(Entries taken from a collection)
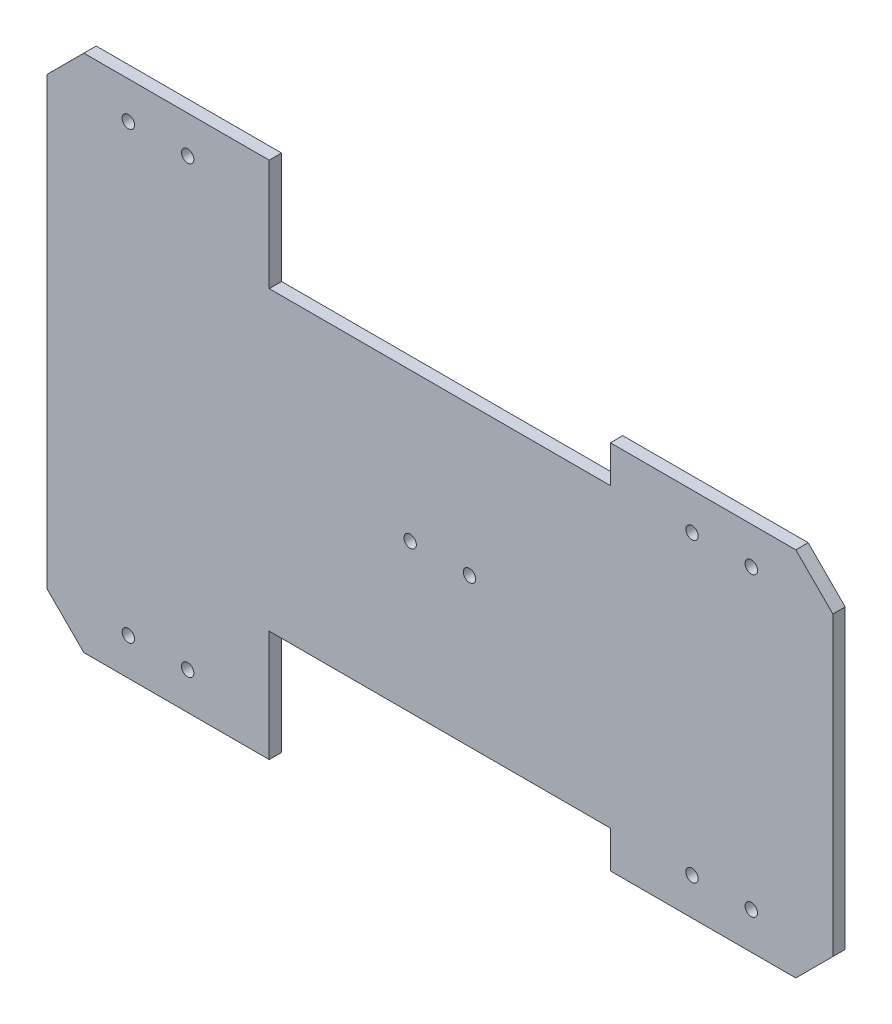
ISO-10303-21;
HEADER;
FILE_DESCRIPTION(('STEP AP214'),'2;1');
FILE_NAME('part.step','',(''),(''),'','','');
FILE_SCHEMA(('AUTOMOTIVE_DESIGN { 1 0 10303 214 1 1 1 1 }'));
ENDSEC;
DATA;
#1=APPLICATION_CONTEXT('core data for automotive mechanical design processes');
#2=APPLICATION_PROTOCOL_DEFINITION('international standard','automotive_design',2000,#1);
#3=PRODUCT_CONTEXT('',#1,'mechanical');
#4=PRODUCT('Part','Part','',(#3));
#5=PRODUCT_RELATED_PRODUCT_CATEGORY('part','',(#4));
#6=PRODUCT_DEFINITION_FORMATION('','',#4);
#7=PRODUCT_DEFINITION_CONTEXT('part definition',#1,'design');
#8=PRODUCT_DEFINITION('design','',#6,#7);
#9=PRODUCT_DEFINITION_SHAPE('','',#8);
#10=(LENGTH_UNIT() NAMED_UNIT(*) SI_UNIT(.MILLI.,.METRE.));
#11=(NAMED_UNIT(*) PLANE_ANGLE_UNIT() SI_UNIT($,.RADIAN.));
#12=(NAMED_UNIT(*) SI_UNIT($,.STERADIAN.) SOLID_ANGLE_UNIT());
#13=UNCERTAINTY_MEASURE_WITH_UNIT(LENGTH_MEASURE(1.E-05),#10,'distance_accuracy_value','');
#14=(GEOMETRIC_REPRESENTATION_CONTEXT(3) GLOBAL_UNCERTAINTY_ASSIGNED_CONTEXT((#13)) GLOBAL_UNIT_ASSIGNED_CONTEXT((#10,
#11,#12)) REPRESENTATION_CONTEXT('',''));
#15=CARTESIAN_POINT('',(0.,0.,0.));
#16=DIRECTION('',(0.,0.,1.));
#17=DIRECTION('',(1.,0.,0.));
#18=AXIS2_PLACEMENT_3D('',#15,#16,#17);
#19=CARTESIAN_POINT('',(-122.069969569105,-70.000000012,0.));
#20=DIRECTION('',(0.,-1.,0.));
#21=DIRECTION('',(0.,0.,-1.));
#22=AXIS2_PLACEMENT_3D('',#19,#20,#21);
#23=PLANE('',#22);
#24=DIRECTION('',(1.,0.,0.));
#25=VECTOR('',#24,1.);
#26=CARTESIAN_POINT('',(-122.069969569105,-70.000000012,5.));
#27=LINE('',#26,#25);
#28=CARTESIAN_POINT('',(-122.069969569105,-70.000000012,5.));
#29=VERTEX_POINT('',#28);
#30=CARTESIAN_POINT('',(15.9300304188953,-70.000000012,5.));
#31=VERTEX_POINT('',#30);
#32=EDGE_CURVE('E184',#29,#31,#27,.T.);
#33=ORIENTED_EDGE('',*,*,#32,.F.);
#34=DIRECTION('',(0.,0.,1.));
#35=VECTOR('',#34,1.);
#36=CARTESIAN_POINT('',(-122.069969569105,-70.000000012,0.));
#37=LINE('',#36,#35);
#38=CARTESIAN_POINT('',(-122.069969569105,-70.000000012,0.));
#39=VERTEX_POINT('',#38);
#40=EDGE_CURVE('E11',#39,#29,#37,.T.);
#41=ORIENTED_EDGE('',*,*,#40,.F.);
#42=DIRECTION('',(1.,0.,0.));
#43=VECTOR('',#42,1.);
#44=CARTESIAN_POINT('',(-122.069969569105,-70.000000012,0.));
#45=LINE('',#44,#43);
#46=CARTESIAN_POINT('',(15.9300304188953,-70.000000012,0.));
#47=VERTEX_POINT('',#46);
#48=EDGE_CURVE('E229',#39,#47,#45,.T.);
#49=ORIENTED_EDGE('',*,*,#48,.T.);
#50=DIRECTION('',(0.,0.,1.));
#51=VECTOR('',#50,1.);
#52=CARTESIAN_POINT('',(15.9300304188953,-70.000000012,0.));
#53=LINE('',#52,#51);
#54=EDGE_CURVE('E42',#47,#31,#53,.T.);
#55=ORIENTED_EDGE('',*,*,#54,.T.);
#56=EDGE_LOOP('',(#33,#41,#49,#55));
#57=FACE_BOUND('',#56,.T.);
#58=ADVANCED_FACE('F39',(#57),#23,.T.);
#59=CARTESIAN_POINT('',(-122.069969569105,-114.999999997,0.));
#60=DIRECTION('',(1.,0.,0.));
#61=DIRECTION('',(0.,0.,-1.));
#62=AXIS2_PLACEMENT_3D('',#59,#60,#61);
#63=PLANE('',#62);
#64=DIRECTION('',(0.,1.,0.));
#65=VECTOR('',#64,1.);
#66=CARTESIAN_POINT('',(-122.069969569105,-114.999999997,5.));
#67=LINE('',#66,#65);
#68=CARTESIAN_POINT('',(-122.069969569105,-114.999999997,5.));
#69=VERTEX_POINT('',#68);
#70=EDGE_CURVE('E227',#69,#29,#67,.T.);
#71=ORIENTED_EDGE('',*,*,#70,.F.);
#72=DIRECTION('',(0.,0.,1.));
#73=VECTOR('',#72,1.);
#74=CARTESIAN_POINT('',(-122.069969569105,-114.999999997,0.));
#75=LINE('',#74,#73);
#76=CARTESIAN_POINT('',(-122.069969569105,-114.999999997,0.));
#77=VERTEX_POINT('',#76);
#78=EDGE_CURVE('E48',#77,#69,#75,.T.);
#79=ORIENTED_EDGE('',*,*,#78,.F.);
#80=DIRECTION('',(0.,1.,0.));
#81=VECTOR('',#80,1.);
#82=CARTESIAN_POINT('',(-122.069969569105,-114.999999997,0.));
#83=LINE('',#82,#81);
#84=EDGE_CURVE('E174',#77,#39,#83,.T.);
#85=ORIENTED_EDGE('',*,*,#84,.T.);
#86=ORIENTED_EDGE('',*,*,#40,.T.);
#87=EDGE_LOOP('',(#71,#79,#85,#86));
#88=FACE_BOUND('',#87,.T.);
#89=ADVANCED_FACE('F257',(#88),#63,.T.);
#90=CARTESIAN_POINT('',(-197.069969626105,-114.999999997,0.));
#91=DIRECTION('',(0.,-1.,0.));
#92=DIRECTION('',(0.,0.,-1.));
#93=AXIS2_PLACEMENT_3D('',#90,#91,#92);
#94=PLANE('',#93);
#95=DIRECTION('',(1.,0.,0.));
#96=VECTOR('',#95,1.);
#97=CARTESIAN_POINT('',(-197.069969626105,-114.999999997,5.));
#98=LINE('',#97,#96);
#99=CARTESIAN_POINT('',(-197.069969626105,-114.999999997,5.));
#100=VERTEX_POINT('',#99);
#101=EDGE_CURVE('E161',#100,#69,#98,.T.);
#102=ORIENTED_EDGE('',*,*,#101,.F.);
#103=DIRECTION('',(0.,0.,1.));
#104=VECTOR('',#103,1.);
#105=CARTESIAN_POINT('',(-197.069969626105,-114.999999997,0.));
#106=LINE('',#105,#104);
#107=CARTESIAN_POINT('',(-197.069969626105,-114.999999997,0.));
#108=VERTEX_POINT('',#107);
#109=EDGE_CURVE('E156',#108,#100,#106,.T.);
#110=ORIENTED_EDGE('',*,*,#109,.F.);
#111=DIRECTION('',(1.,0.,0.));
#112=VECTOR('',#111,1.);
#113=CARTESIAN_POINT('',(-197.069969626105,-114.999999997,0.));
#114=LINE('',#113,#112);
#115=EDGE_CURVE('E159',#108,#77,#114,.T.);
#116=ORIENTED_EDGE('',*,*,#115,.T.);
#117=ORIENTED_EDGE('',*,*,#78,.T.);
#118=EDGE_LOOP('',(#102,#110,#116,#117));
#119=FACE_BOUND('',#118,.T.);
#120=ADVANCED_FACE('F158',(#119),#94,.T.);
#121=CARTESIAN_POINT('',(-212.069969578105,-100.000000045,0.));
#122=DIRECTION('',(-0.707106781186546,-0.707106781186549,0.));
#123=DIRECTION('',(0.707106781186549,-0.707106781186546,0.));
#124=AXIS2_PLACEMENT_3D('',#121,#122,#123);
#125=PLANE('',#124);
#126=DIRECTION('',(0.707106781186549,-0.707106781186546,0.));
#127=VECTOR('',#126,1.);
#128=CARTESIAN_POINT('',(-212.069969578105,-100.000000045,5.));
#129=LINE('',#128,#127);
#130=CARTESIAN_POINT('',(-212.069969578105,-100.000000045,5.));
#131=VERTEX_POINT('',#130);
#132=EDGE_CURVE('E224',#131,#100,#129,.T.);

### Work order:
Starting at the line that has "#86=ORIENTED_EDGE('',*,*,#40,.T.);" and ending at the line that has "#100=VERTEX_POINT('',#99);", please write out the lines above exactly, leaving out all others.

### Reply to the exercise:
#86=ORIENTED_EDGE('',*,*,#40,.T.);
#87=EDGE_LOOP('',(#71,#79,#85,#86));
#88=FACE_BOUND('',#87,.T.);
#89=ADVANCED_FACE('F257',(#88),#63,.T.);
#90=CARTESIAN_POINT('',(-197.069969626105,-114.999999997,0.));
#91=DIRECTION('',(0.,-1.,0.));
#92=DIRECTION('',(0.,0.,-1.));
#93=AXIS2_PLACEMENT_3D('',#90,#91,#92);
#94=PLANE('',#93);
#95=DIRECTION('',(1.,0.,0.));
#96=VECTOR('',#95,1.);
#97=CARTESIAN_POINT('',(-197.069969626105,-114.999999997,5.));
#98=LINE('',#97,#96);
#99=CARTESIAN_POINT('',(-197.069969626105,-114.999999997,5.));
#100=VERTEX_POINT('',#99);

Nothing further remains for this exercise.